Joan Redwing is a Distinguished Professor of Materials Science and Engineering and Electrical Engineering at Penn State University. She currently serves as Director of the 2D Crystal Consortium (2DCC), an NSF Materials Innovation Platform national user facility in the U.S. that is focused on advancing the synthesis and characterization of 2D materials for next generation devices. Her research focuses on crystal growth and epitaxy of electronic materials, with an emphasis on thin film and nanomaterial synthesis by metalorganic chemical vapor deposition. She is a fellow of the Materials Research Society, the American Physical Society, and the American Association for the Advancement of Science. She is an author on over 350 publications in refereed journals and holds 8 U.S. patents.

Two-dimensional (2D) semiconducting transition metal dichalcogenides (TMDs), exemplified by materials like MoS2 and WSe2, have garnered increasing interest for next generation electronics such as gate-all-around nanosheet transistors, neuromorphic devices and sensors/imagers heterogeneously integrated with silicon CMOS technology. The interest in semiconducting TMDs arises from their atomically thin nature and passivated van der Waals surfaces, however, realization of high-performance devices requires advances in TMD synthesis to provide wafer-scale films that can be readily integrated into devices via either direct growth or layer transfer methods.

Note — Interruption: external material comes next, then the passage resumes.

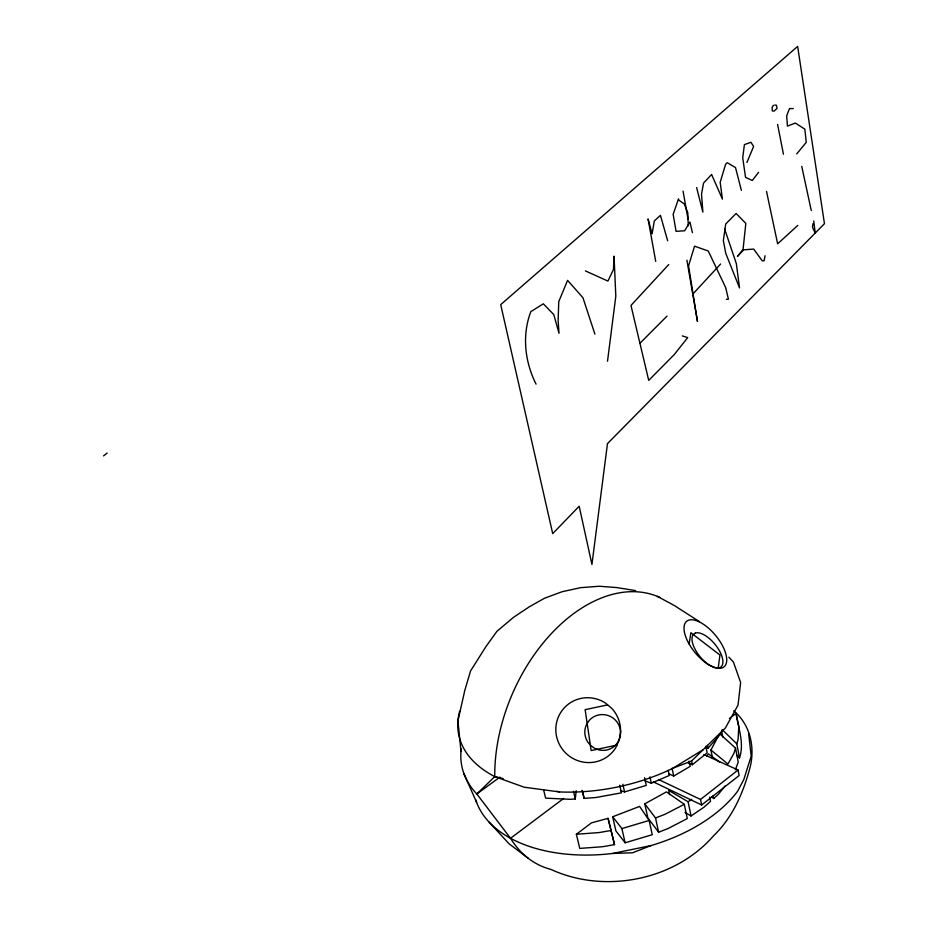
<?xml version="1.0" encoding="UTF-8"?>
<svg xmlns="http://www.w3.org/2000/svg" width="928" height="928" viewBox="0 0 928 928"><rect width="100%" height="100%" fill="white"/><g stroke="black" fill="none" stroke-linecap="round" stroke-linejoin="round"><path stroke-width="1.39" d="M543.564 789.716L545.629 798.138L570.152 799.321L575.279 798.962L576.207 790.691M607.515 361.189L615.809 296.206L614.058 256.174L613.454 269.526L607.921 281.08L585.394 270.895M718.202 668.137L719.919 655.029L690.873 632.71L689.133 644.02M813.009 223.671L812.429 227.186L815.213 233.056L813.74 220.945M765.032 255.734L764.115 260.745L762.224 260.826L753.71 249.075L743.618 249.829L737.458 256.395L743.05 249.423L745.834 223.428L736.101 213.463L725.696 224.008L723.33 240.642L725.789 253.425L739.523 287.935L736.356 263.691L724.664 229.112M736.577 754.998L739.512 757.886C744.581 743.142 738.212 728.097 736.055 713.423L729.362 718.492M735.521 748.084L733.909 753.362L727.946 764.046L710.918 750.01L719.594 733.654L735.521 748.084L738.236 762.132L735.324 769.822M739.512 757.886L736.809 743.862L738.096 739.616L738.781 726.195L736.055 713.423M746.924 162.47L753.606 146.45L750.949 142.286L744.395 144.629L742.713 157.806L745.555 177.399L752.306 180.473L758.628 172.26M688.286 225.817L687.787 212.767L684.33 203.998L678.774 200.1L678.496 198.847L673.148 214.333L676.06 231.339L684.655 230.759L689.922 222.001L692.439 232.708M720.673 733.213L722.042 730.812M773.407 105.305L772.084 107.462L772.328 110.931L774.114 111.116L777.061 108.367L776.446 105.258L774.671 105.061M706.695 756.065L708.47 753.872L719.594 762.12M725.394 785.656L718.11 794.554L713.678 798.521L711.509 796.827M796.734 153.886L806.235 142.402L804.866 129.166L795.319 123.053L787.431 126.127L786.689 115.803L789.508 108.553L793.312 108.576M705.396 747.295L708.041 748.212L719.536 735.208M668.752 264.538L630.97 305.451L648.718 380.387L674.308 354.519L687.706 337.595L682.289 335.89M693.03 293.851L720.638 263.981M639.926 343.279L667.035 316.077M659.889 597.47A146.81 95.561 -66.5 0 0 550.443 634.601A146.81 95.561 -66.5 0 0 494.763 776.585L476.818 793.974L510.528 838.297A146.81 95.561 -66.5 0 0 550.861 869.385C604.232 894.058 674.575 880.614 713.4 835.942C732.61 817.614 743.189 792.988 749.986 767.758C755.23 747.365 750.334 724.617 733.723 710.813M797.825 225.388L777.641 243.809L766.505 191.342M688.402 763.326L692.346 764.742L707.148 752.852L705.837 746.298M653.335 781.898L701.661 804.982L739.14 775.53L738.073 770.02L703.853 754.522M701.661 804.982L700.524 799.449L738.073 770.02M103.542 455.88L107.184 453.05M576.369 834.272L591.449 822.869L608.06 818.345L614.522 844.631L602.4 846.742L579.745 848.401L576.369 834.272L599.105 832.567L611.274 830.444M510.528 838.297L563.621 798.463M499.972 777.084L476.818 793.974A147.378 86.698 -11.1 0 1 461.286 748.908M685.015 812.406L691.058 815.979L704.074 807.128L710.535 801.351L709.665 797.082M669.61 794.658L668.705 790.424L688.1 801.757L691.673 799.344M459.65 711.242A143.422 82.511 -11.3 0 0 494.763 776.585L524.181 787.211L559.526 791.944A143.422 82.511 -11.3 0 0 672.986 768.198L703.192 749.662M668.856 773.778L673.716 776.075L690.2 766.342L689.133 761.134M684.307 804.321L665.109 814.25L655.528 817.974L644.774 803.834L666.432 791.886L684.307 804.321L687.288 818.554L668.172 828.484L658.625 832.207L647.86 817.962L644.774 803.834M644.948 780.796L651.294 783.232L669.274 775.483L668.183 770.368M748.687 733.967L751.193 756.111L743.873 779.381L737.667 791.155A141.265 84.9 -10.9 0 1 650.98 845.582L632.618 852.774L612.712 853.458A141.265 84.9 -10.9 0 1 475.739 799.797M649.148 820.456L621.899 828.588L612.677 816.768L639.601 806.409L649.148 820.456L652.268 834.69L625.124 842.786L615.902 830.885L612.677 816.768M672.986 768.198L691.534 761.03L725.36 728.039L738.038 705.083L740.637 682.532L733.398 661.989L728.874 657.163M620.612 790.633L624.567 791.92L646.259 785.401L644.589 777.722M607.608 704.886L585.127 709.665L591.159 750.555L616.934 745.114M612.712 853.458L650.98 845.582M726.38 299.326L728.422 299.176L725.684 287.587L708.238 251.001L694.55 246.164L688.541 265.895L697.473 321.494L686.894 260.165M582.042 790.285L584.13 798.358L595.741 797.546L621.435 792.848L619.718 785.181M635.715 590.649L617.05 587.598L599.43 586.241L580.708 587.656L562.043 591.739L544.597 598.212L529.47 606.703L513.648 617.224L497.014 631.214L485.982 646.526L470.566 670.932L464.824 690.316L457.945 720.789L460.996 751.564M494.763 776.585L503.208 778.592M556.707 791.271L559.526 791.944M658.694 779.566L700.524 799.449M657.372 596.379L674.575 605.671L699.352 621.598M528.299 858.342L509.031 843.738L489.114 822.138M722.112 729.547L736.809 743.862M464 773.836L476.632 802.418M536.059 384.111C524.807 361.769 521.814 335.228 530.851 311.599L543.321 303.816L553.772 314.58L559.016 333.314L558.134 320.67L558.749 301.646L567.576 280.36L582.946 297.726L594.906 334.138M667.65 240.793L660.458 215.342L654.298 220.968L652.14 233.763L648.057 218.95L655.713 261.383M614.522 844.631L608.06 818.345M741.368 190.344L735.521 167.608L727.274 162.713L725.615 164.279L720.174 182.317L722.413 199.126L711.614 174.487L703.552 183.083L701.522 194.103L702.89 212.129L696.615 187.584M573.469 791.34L575.279 798.962M582.343 790.714L584.13 798.358M621.899 828.588L625.124 842.786M622.85 784.241L624.567 791.92M655.528 817.974L658.625 832.207M801.734 166.39L811.258 210.494M649.913 776.829L651.294 783.232M672.069 768.245L673.716 776.075M688.1 801.757L691.058 815.979M691.546 760.809L692.346 764.742M713.11 795.69L713.678 798.521M710.918 750.01L712.588 758.408M707.472 745.381L708.041 748.212M777.606 124.48L783.441 154.222M721.682 731.368L722.773 736.936M683.054 191.11L688.042 219.298M620.577 731.832C620.832 738.096 617.746 744.221 612.492 747.666A18.084 17.725 45.6 0 1 599.012 749.928L594.593 748.281L590.742 745.555L587.702 741.948A18.084 17.725 45.6 0 1 586.74 724.06L589.373 720.267A18.084 17.725 45.6 0 1 620.577 731.832L619.196 740.173L615.682 747.84A32.712 32.097 46.8 0 1 571.08 757.352A32.712 32.097 46.8 0 1 560.709 712.507A32.712 32.097 46.8 0 1 605.3 702.937L611.83 708.424A32.712 32.097 46.8 0 1 620.577 731.832M607.469 443.63L591.936 564.468L579.176 506.236L552.705 533.612L500.714 304.628L797.639 46.4L824.458 223.694L607.469 443.63M695.258 633.128L693.216 634.624A21.356 9.709 50.7 0 0 695.153 649.426A21.356 9.709 50.7 0 0 709.514 665.225L713.435 667.209L716.938 668.021L719.78 667.626A21.356 9.709 50.7 0 0 716.857 646.746A21.356 9.709 50.7 0 0 695.258 633.128M719.502 668.346L714.838 667.603L709.514 665.225A29.464 13.375 50.6 0 1 684.249 625.611A29.464 13.375 50.6 0 1 715.581 635.413A29.464 13.375 50.6 0 1 719.502 668.346"/></g></svg>

Our work has focused on the development of metalorganic chemical vapor deposition (MOCVD) as a manufacturing-compatible approach for wafer-scale semiconducting TMDs. The TMDs are grown epitaxially on 2” diameter c-plane sapphire by MOCVD at elevated temperatures (>800 °C) to obtain high crystal quality. Nucleation of TMDs on sapphire is intimately tied to the surface structure and the growth chemistry which can be controlled to achieve unidirectional TMD domains with a significant reduction in mirror twin domains in coalesced films. In situ spectroscopic ellipsometry is demonstrated to be an effective real time monitor of TMD growth even at the sub-monolayer level which can be exploited to track surface coverage as a function of time under varying growth conditions. The ability to precisely control and modulate precursor flux during growth is used to synthesize in-plane heterostructures that enable localized exciton confinement and emission. Applications for wafer-scale TMD monolayers in nanoelectronics, sensing and photonics will be discussed.